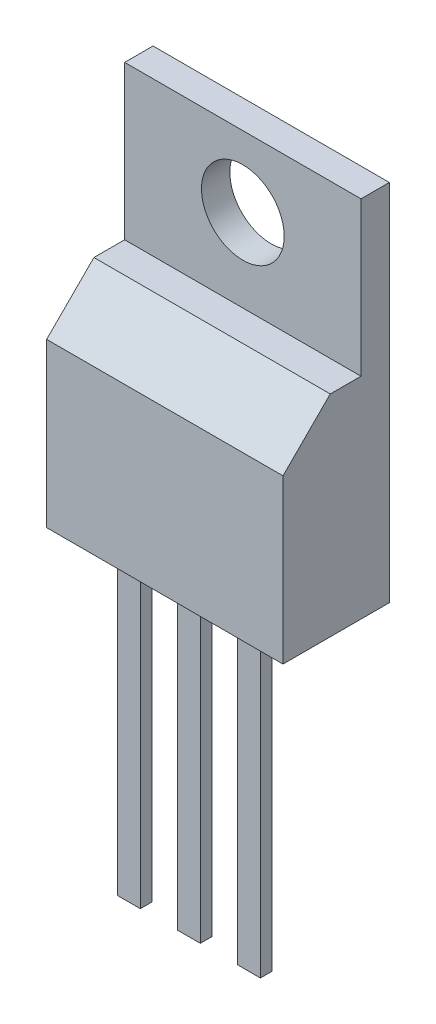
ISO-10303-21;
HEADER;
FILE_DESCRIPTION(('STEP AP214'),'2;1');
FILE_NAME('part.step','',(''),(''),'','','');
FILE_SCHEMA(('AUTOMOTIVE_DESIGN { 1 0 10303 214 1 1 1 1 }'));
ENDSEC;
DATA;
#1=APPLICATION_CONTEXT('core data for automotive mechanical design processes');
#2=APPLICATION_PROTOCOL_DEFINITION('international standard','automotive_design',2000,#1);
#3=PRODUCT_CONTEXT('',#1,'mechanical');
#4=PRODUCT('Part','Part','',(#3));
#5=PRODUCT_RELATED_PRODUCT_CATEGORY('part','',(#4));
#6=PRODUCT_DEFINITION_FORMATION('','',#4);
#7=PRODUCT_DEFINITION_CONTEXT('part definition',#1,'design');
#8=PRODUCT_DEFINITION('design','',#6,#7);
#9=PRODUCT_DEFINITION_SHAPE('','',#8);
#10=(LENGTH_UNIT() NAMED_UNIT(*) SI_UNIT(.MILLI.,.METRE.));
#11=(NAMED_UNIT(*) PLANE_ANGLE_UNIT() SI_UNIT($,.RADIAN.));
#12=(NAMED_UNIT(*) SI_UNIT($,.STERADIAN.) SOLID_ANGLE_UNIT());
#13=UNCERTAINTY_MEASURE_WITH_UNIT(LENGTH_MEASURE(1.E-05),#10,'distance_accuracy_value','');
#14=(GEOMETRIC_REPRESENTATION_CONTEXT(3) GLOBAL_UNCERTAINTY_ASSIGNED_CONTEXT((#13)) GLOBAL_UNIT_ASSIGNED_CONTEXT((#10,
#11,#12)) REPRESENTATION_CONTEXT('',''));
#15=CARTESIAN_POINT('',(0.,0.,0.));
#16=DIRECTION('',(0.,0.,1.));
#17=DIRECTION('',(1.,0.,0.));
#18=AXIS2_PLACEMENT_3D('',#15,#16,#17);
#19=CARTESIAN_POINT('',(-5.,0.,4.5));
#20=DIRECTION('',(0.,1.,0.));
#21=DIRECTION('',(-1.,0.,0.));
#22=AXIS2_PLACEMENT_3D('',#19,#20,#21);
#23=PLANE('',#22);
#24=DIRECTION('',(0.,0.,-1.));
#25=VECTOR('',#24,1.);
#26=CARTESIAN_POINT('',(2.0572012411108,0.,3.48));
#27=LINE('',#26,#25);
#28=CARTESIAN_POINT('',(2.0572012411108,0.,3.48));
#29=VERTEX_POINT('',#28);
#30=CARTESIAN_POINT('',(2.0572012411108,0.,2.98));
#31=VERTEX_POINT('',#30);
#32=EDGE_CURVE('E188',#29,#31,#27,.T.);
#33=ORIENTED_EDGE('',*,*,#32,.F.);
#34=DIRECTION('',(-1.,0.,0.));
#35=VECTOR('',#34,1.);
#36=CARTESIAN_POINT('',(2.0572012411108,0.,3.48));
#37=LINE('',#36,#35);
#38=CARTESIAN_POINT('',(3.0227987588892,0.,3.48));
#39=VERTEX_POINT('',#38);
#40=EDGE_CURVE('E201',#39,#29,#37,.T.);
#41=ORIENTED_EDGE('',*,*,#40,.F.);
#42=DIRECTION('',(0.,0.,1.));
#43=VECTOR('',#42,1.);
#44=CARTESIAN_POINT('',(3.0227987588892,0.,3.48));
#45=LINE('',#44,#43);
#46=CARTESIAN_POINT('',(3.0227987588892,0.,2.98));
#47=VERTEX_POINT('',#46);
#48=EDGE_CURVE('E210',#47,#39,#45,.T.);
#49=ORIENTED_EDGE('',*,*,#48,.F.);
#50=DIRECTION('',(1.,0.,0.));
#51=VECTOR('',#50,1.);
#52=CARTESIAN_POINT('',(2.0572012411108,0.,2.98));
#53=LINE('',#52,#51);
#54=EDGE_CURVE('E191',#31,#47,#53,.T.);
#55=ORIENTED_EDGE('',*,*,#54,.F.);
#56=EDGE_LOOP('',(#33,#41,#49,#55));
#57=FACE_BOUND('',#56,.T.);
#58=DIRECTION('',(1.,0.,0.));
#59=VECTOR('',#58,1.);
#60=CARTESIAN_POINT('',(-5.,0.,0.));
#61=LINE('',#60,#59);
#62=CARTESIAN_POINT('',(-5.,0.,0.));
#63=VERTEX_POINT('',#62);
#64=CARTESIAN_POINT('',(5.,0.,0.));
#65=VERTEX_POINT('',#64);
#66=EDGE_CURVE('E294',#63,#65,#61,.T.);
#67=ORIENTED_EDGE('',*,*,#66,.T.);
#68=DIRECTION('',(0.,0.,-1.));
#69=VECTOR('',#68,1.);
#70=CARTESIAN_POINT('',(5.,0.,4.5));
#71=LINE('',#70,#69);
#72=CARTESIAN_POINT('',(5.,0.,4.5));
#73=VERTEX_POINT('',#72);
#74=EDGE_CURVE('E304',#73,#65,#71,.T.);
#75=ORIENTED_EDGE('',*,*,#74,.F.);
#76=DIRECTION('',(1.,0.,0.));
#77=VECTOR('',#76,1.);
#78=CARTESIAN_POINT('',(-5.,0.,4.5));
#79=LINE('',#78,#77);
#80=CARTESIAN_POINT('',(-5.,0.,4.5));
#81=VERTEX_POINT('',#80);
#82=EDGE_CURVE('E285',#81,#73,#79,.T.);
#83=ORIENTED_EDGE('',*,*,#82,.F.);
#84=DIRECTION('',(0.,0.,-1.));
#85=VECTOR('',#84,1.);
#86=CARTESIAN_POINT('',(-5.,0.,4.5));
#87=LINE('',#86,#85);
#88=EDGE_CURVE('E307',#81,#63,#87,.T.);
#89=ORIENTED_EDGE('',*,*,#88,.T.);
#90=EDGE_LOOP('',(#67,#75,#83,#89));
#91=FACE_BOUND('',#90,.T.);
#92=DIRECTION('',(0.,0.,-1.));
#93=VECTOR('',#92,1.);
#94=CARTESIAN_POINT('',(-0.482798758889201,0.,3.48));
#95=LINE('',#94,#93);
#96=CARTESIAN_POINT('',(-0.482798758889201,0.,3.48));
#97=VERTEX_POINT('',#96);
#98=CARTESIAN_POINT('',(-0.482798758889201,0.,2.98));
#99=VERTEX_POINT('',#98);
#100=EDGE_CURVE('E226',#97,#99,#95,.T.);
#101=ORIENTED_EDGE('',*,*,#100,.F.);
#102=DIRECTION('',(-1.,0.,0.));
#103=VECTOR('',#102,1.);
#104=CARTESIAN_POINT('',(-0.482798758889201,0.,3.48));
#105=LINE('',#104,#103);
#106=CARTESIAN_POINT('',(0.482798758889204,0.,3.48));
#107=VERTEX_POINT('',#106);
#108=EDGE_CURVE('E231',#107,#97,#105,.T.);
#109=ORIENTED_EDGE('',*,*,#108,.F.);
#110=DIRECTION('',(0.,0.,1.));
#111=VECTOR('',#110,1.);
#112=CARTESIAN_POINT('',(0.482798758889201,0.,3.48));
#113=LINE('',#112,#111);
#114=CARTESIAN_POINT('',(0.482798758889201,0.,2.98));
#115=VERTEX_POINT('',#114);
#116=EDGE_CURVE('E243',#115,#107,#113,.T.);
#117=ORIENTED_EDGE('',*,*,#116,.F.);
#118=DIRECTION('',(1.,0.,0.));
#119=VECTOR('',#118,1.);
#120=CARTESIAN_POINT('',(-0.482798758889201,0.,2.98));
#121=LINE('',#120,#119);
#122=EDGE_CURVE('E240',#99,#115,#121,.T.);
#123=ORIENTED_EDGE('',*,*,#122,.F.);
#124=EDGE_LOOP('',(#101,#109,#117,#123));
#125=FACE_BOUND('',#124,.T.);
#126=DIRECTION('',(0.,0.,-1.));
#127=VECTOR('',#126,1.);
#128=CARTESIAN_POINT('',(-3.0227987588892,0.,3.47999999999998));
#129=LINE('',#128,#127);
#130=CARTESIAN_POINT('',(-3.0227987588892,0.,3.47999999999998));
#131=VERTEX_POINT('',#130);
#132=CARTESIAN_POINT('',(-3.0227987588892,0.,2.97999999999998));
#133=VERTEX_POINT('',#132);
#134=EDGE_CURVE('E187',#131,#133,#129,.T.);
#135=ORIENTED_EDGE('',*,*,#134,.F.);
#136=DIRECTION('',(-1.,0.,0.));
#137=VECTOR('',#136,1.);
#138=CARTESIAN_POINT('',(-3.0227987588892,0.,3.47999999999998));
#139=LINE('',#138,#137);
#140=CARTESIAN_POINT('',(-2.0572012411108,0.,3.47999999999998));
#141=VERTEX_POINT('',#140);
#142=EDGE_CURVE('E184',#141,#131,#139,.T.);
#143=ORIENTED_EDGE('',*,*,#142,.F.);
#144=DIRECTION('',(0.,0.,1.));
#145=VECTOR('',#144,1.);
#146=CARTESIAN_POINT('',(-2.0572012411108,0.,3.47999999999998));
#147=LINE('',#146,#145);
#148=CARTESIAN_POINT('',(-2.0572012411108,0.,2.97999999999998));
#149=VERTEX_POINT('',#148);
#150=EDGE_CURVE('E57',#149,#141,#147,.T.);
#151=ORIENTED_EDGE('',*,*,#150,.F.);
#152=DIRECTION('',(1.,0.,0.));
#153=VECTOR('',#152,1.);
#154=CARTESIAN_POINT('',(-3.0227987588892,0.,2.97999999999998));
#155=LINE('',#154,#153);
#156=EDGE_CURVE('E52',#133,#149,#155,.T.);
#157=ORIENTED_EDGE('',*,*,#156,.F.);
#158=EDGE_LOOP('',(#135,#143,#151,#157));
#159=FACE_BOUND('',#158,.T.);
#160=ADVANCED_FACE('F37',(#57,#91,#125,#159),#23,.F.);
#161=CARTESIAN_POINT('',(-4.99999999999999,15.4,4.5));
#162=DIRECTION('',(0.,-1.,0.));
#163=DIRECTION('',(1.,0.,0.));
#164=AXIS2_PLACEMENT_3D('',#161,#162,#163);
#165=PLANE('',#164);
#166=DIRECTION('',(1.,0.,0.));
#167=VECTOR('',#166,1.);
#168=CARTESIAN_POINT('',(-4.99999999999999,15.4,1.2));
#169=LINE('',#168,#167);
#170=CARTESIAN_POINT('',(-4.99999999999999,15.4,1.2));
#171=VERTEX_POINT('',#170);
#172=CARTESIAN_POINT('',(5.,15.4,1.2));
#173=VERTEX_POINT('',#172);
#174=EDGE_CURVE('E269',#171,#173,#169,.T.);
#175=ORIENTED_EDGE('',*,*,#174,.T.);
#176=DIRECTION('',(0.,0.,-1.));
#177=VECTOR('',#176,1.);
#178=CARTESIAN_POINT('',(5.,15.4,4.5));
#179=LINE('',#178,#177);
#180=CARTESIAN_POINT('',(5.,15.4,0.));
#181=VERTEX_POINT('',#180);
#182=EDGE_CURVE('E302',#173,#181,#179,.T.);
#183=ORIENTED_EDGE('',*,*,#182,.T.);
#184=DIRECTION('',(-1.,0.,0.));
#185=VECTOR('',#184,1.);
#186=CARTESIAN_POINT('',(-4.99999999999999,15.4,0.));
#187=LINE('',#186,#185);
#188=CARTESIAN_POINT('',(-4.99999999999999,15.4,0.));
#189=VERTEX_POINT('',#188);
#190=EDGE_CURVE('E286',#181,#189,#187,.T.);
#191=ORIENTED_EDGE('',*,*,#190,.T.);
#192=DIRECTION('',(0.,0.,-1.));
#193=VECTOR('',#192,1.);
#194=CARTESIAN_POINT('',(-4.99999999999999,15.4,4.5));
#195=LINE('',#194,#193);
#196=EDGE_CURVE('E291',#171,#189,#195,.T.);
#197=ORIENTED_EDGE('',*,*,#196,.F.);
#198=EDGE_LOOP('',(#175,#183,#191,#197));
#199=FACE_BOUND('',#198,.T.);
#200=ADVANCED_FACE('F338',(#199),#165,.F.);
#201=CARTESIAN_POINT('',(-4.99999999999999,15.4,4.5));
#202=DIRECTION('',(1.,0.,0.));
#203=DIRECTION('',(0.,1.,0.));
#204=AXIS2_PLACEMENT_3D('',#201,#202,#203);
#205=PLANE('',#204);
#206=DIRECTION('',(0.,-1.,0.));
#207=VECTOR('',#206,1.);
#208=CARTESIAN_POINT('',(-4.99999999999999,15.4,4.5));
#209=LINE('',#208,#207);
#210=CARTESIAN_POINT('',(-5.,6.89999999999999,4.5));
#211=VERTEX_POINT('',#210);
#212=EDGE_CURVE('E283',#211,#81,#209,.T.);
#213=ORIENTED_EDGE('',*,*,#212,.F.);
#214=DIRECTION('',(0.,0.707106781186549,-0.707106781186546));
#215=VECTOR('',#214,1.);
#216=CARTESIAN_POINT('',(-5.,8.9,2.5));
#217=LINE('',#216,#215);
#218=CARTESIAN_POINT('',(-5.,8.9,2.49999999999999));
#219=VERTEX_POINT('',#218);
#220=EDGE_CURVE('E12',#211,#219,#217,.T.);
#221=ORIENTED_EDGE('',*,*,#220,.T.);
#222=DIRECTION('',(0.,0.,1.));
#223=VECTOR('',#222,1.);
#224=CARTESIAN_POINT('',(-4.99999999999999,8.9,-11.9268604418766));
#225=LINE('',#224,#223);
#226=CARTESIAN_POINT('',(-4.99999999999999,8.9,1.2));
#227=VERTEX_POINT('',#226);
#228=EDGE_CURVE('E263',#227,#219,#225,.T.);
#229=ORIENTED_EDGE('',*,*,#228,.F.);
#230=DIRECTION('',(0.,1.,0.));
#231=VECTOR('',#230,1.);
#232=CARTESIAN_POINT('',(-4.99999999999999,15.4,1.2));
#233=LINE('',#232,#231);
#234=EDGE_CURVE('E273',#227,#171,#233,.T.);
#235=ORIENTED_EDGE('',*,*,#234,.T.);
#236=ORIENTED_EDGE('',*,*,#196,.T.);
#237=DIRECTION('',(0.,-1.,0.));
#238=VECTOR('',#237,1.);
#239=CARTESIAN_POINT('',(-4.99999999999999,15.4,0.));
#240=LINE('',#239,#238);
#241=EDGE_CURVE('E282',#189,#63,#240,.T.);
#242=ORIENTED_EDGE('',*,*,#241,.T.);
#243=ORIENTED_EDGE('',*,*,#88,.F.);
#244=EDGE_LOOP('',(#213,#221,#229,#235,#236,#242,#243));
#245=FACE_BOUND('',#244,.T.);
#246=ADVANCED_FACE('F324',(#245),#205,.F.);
.....
## [PROBLEM DESCRIPTION]
In the entries above, the lines from the one bearing "#167=VECTOR('',#166,1.);" up to and including the one bearing "#195=LINE('',#194,#193);" should be transcribed exactly; no other line is wanted.

## [TASK RESPONSE]
#167=VECTOR('',#166,1.);
#168=CARTESIAN_POINT('',(-4.99999999999999,15.4,1.2));
#169=LINE('',#168,#167);
#170=CARTESIAN_POINT('',(-4.99999999999999,15.4,1.2));
#171=VERTEX_POINT('',#170);
#172=CARTESIAN_POINT('',(5.,15.4,1.2));
#173=VERTEX_POINT('',#172);
#174=EDGE_CURVE('E269',#171,#173,#169,.T.);
#175=ORIENTED_EDGE('',*,*,#174,.T.);
#176=DIRECTION('',(0.,0.,-1.));
#177=VECTOR('',#176,1.);
#178=CARTESIAN_POINT('',(5.,15.4,4.5));
#179=LINE('',#178,#177);
#180=CARTESIAN_POINT('',(5.,15.4,0.));
#181=VERTEX_POINT('',#180);
#182=EDGE_CURVE('E302',#173,#181,#179,.T.);
#183=ORIENTED_EDGE('',*,*,#182,.T.);
#184=DIRECTION('',(-1.,0.,0.));
#185=VECTOR('',#184,1.);
#186=CARTESIAN_POINT('',(-4.99999999999999,15.4,0.));
#187=LINE('',#186,#185);
#188=CARTESIAN_POINT('',(-4.99999999999999,15.4,0.));
#189=VERTEX_POINT('',#188);
#190=EDGE_CURVE('E286',#181,#189,#187,.T.);
#191=ORIENTED_EDGE('',*,*,#190,.T.);
#192=DIRECTION('',(0.,0.,-1.));
#193=VECTOR('',#192,1.);
#194=CARTESIAN_POINT('',(-4.99999999999999,15.4,4.5));
#195=LINE('',#194,#193);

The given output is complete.